Stored items from a collection
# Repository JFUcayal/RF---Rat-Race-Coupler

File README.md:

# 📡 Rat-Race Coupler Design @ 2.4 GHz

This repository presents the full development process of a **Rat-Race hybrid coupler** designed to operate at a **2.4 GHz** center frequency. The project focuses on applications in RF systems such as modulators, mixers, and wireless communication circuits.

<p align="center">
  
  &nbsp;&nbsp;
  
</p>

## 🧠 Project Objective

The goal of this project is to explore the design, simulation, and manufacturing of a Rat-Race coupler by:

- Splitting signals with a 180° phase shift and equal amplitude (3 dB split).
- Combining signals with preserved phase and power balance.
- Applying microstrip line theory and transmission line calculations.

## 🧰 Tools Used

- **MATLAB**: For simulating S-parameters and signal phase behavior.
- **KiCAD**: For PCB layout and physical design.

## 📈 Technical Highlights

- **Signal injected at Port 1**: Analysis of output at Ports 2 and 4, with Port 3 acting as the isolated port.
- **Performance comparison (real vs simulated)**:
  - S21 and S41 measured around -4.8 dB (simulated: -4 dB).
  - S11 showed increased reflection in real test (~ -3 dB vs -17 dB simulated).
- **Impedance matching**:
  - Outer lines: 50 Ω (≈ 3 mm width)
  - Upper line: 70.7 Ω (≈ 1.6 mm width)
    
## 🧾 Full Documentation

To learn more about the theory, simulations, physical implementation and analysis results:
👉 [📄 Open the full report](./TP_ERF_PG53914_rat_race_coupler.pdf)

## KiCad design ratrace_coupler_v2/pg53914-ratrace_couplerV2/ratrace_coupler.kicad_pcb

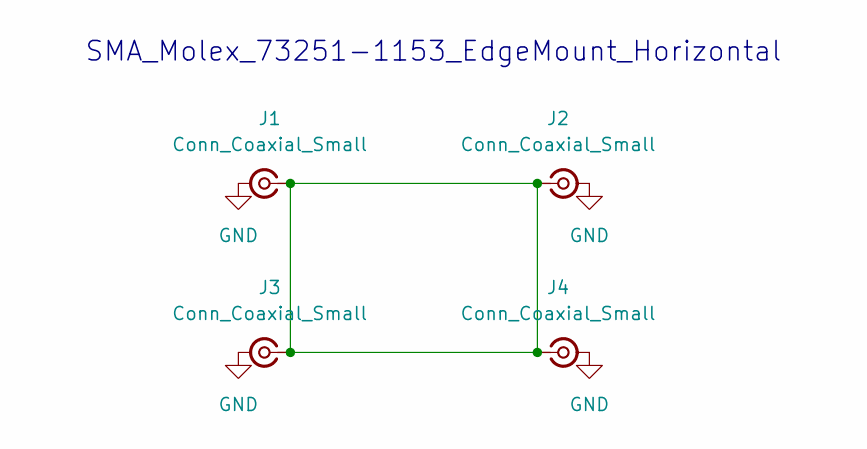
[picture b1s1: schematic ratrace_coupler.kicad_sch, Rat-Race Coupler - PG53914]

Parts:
J1, J2, J3, J4: Conn_Coaxial_Small; SMA_Molex_73251-1153_EdgeMount_Horizontal

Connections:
GND: J1.2 (Ext), J2.2 (Ext), J3.2 (Ext), J4.2 (Ext)
unnamed: J1.1 (In), J2.1 (In), J3.1 (In), J4.1 (In)

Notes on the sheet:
SMA_Molex_73251-1153_EdgeMount_Horizontal

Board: 2 copper layers, 4 parts (0 on the bottom side), 2 nets, no tracks yet.
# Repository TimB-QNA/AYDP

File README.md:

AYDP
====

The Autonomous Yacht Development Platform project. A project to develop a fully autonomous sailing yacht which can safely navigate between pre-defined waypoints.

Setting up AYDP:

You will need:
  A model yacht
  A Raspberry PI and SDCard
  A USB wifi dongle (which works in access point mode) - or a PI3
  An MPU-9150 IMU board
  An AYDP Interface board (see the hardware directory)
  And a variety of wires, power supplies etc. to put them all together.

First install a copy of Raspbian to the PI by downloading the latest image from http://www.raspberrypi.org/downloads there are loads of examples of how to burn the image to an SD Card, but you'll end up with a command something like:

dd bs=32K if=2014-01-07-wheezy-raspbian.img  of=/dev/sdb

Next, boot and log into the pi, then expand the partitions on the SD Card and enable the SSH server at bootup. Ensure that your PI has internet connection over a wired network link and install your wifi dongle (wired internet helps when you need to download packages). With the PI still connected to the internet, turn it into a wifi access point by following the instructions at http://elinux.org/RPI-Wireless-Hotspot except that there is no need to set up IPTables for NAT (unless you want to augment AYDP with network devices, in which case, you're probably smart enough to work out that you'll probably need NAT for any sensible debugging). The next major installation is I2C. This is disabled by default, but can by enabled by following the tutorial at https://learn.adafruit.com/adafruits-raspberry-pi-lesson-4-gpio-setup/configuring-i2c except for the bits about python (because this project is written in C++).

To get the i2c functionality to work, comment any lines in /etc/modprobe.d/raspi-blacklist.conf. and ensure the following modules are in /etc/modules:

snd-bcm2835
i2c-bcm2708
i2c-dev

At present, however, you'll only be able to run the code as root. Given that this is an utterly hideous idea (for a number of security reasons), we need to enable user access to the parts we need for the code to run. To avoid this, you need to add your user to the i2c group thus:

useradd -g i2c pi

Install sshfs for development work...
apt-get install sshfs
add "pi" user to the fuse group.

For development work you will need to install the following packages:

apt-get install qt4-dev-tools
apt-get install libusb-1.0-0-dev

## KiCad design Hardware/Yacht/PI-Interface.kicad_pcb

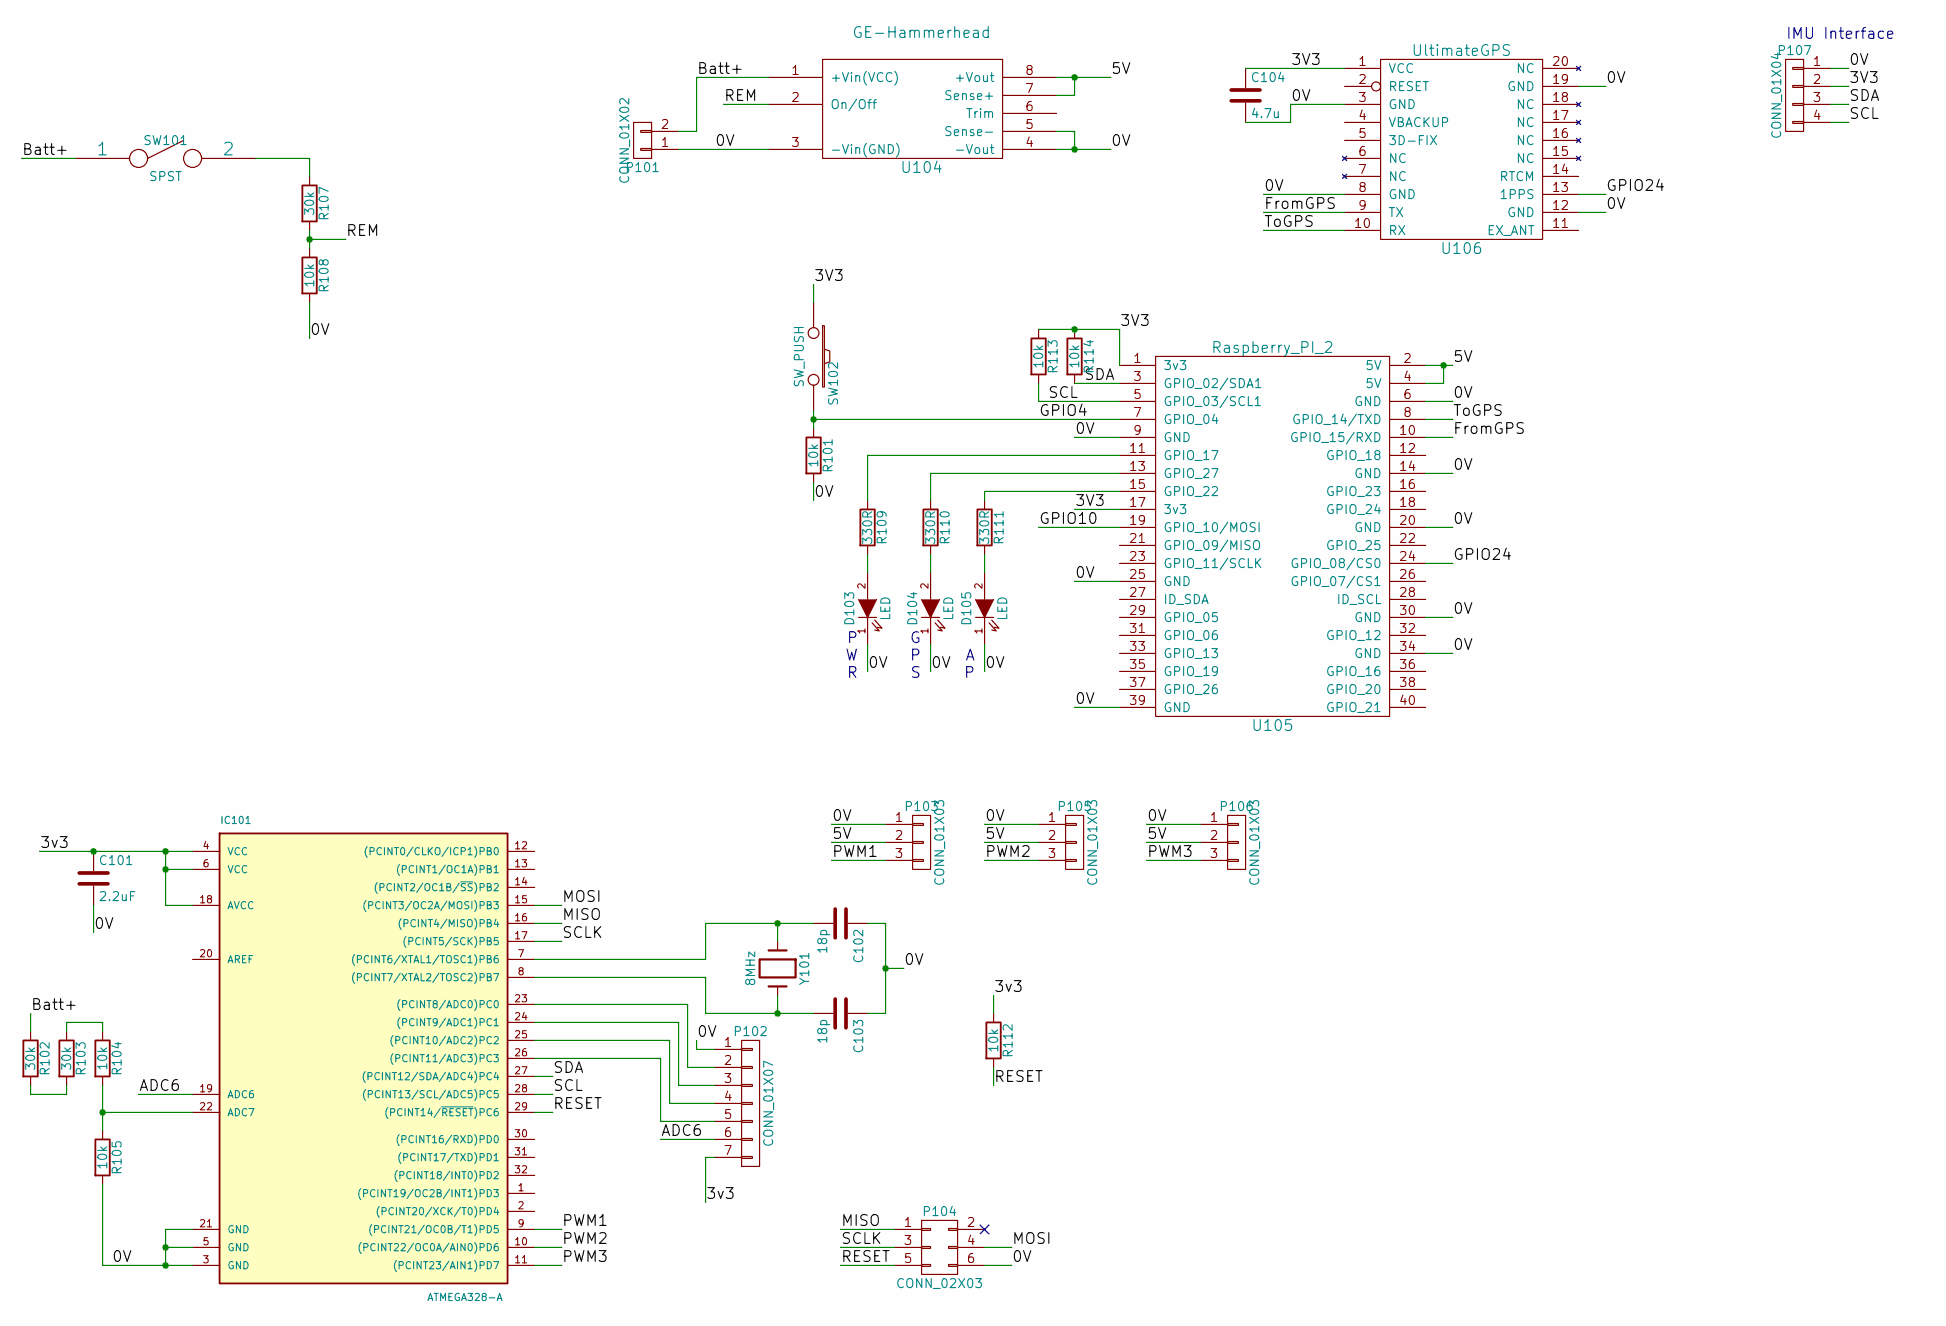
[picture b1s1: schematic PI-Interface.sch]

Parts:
C101: 2.2uF; C_0805
C102, C103: 18p; C_0805
C104: 4.7u; C_0805
D103, D104, D105: LED; LED-0805
IC101: ATMEGA328-A; TQFP-32_7x7mm_Pitch0.8mm
P101: CONN_01X02; BatteryConn10AWG
P102: CONN_01X07; Pin_Header_Straight_1x07
P103, P105, P106: CONN_01X03; Pin_Header_Straight_1x03
P104: CONN_02X03; Pin_Header_Straight_2x03
P107: CONN_01X04; Pin_Header_Straight_1x04
R101, R104, R105, R108, R112, R113, R114: 10k; R_0805
R102, R103, R107: 30k; R_0805
R109, R110, R111: 330R; R_0805
SW101: SPST; Pin_Header_Straight_1x02
SW102: SW_PUSH; Pin_Header_Straight_1x02
U104: GE-Hammerhead
U105: Raspberry_PI_2; R-PI2
U106: UltimateGPS
Y101: 8MHz; Crystal_HC49-SD_SMD

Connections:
/0V: C101.2, C102.1, C103.1, C104.2, D103.1 (K), D104.1 (K), D105.1 (K), IC101.3 (GND), IC101.5 (GND), IC101.21 (GND), P101.1, P102.1, P103.1, P104.6, P105.1, P106.1, P107.1, R101.2, R105.2, R108.2, U104.3 (-Vin(GND)), U104.4 (-Vout), U104.5 (Sense-), U105.6 (GND), U105.9 (GND), U105.14 (GND), U105.20 (GND), U105.25 (GND), U105.30 (GND), U105.34 (GND), U105.39 (GND), U106.3 (GND), U106.8 (GND), U106.12 (GND), U106.19 (GND)
/3V3: C101.1, C104.1, IC101.4 (VCC), IC101.6 (VCC), IC101.18 (AVCC), P102.7, P107.2, R112.1, R113.1, R114.1, SW102.1, U105.1 (3v3), U105.17 (3v3), U106.1 (VCC)
/5V: P103.2, P105.2, P106.2, U104.7 (Sense+), U104.8 (+Vout), U105.2 (5V), U105.4 (5V)
/ADC6: IC101.19 (ADC6), P102.6
/Batt+: P101.2, R102.1, SW101.1, U104.1 (+Vin(VCC))
/FromGPS: U105.10 (GPIO_15/RXD), U106.9 (TX)
/GPIO4: R101.1, SW102.2, U105.7 (GPIO_04)
/GPIO24: U105.24 (GPIO_08/CS0), U106.13 (1PPS)
/MISO: IC101.16 ((PCINT4/MISO)PB4), P104.1
/MOSI: IC101.15 ((PCINT3/OC2A/MOSI)PB3), P104.4
/PWM1: IC101.9 ((PCINT21/OC0B/T1)PD5), P103.3
/PWM2: IC101.10 ((PCINT22/OC0A/AIN0)PD6), P105.3
/PWM3: IC101.11 ((PCINT23/AIN1)PD7), P106.3
/REM: R107.2, R108.1, U104.2 (On/Off)
/RESET: IC101.29 ((PCINT14/~RESET~)PC6), P104.5, R112.2
/SCL: IC101.28 ((PCINT13/SCL/ADC5)PC5), P107.4, R113.2, U105.5 (GPIO_03/SCL1)
/SCLK: IC101.17 ((PCINT5/SCK)PB5), P104.3
/SDA: IC101.27 ((PCINT12/SDA/ADC4)PC4), P107.3, R114.2, U105.3 (GPIO_02/SDA1)
/ToGPS: U105.8 (GPIO_14/TXD), U106.10 (RX)
unnamed: C102.2, IC101.7 ((PCINT6/XTAL1/TOSC1)PB6), Y101.1
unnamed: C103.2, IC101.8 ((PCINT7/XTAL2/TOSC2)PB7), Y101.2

WORK TO BE COMPLETED. A single number is needed: the count of lines in the records that contain "your".

ANSWER BELOW. 2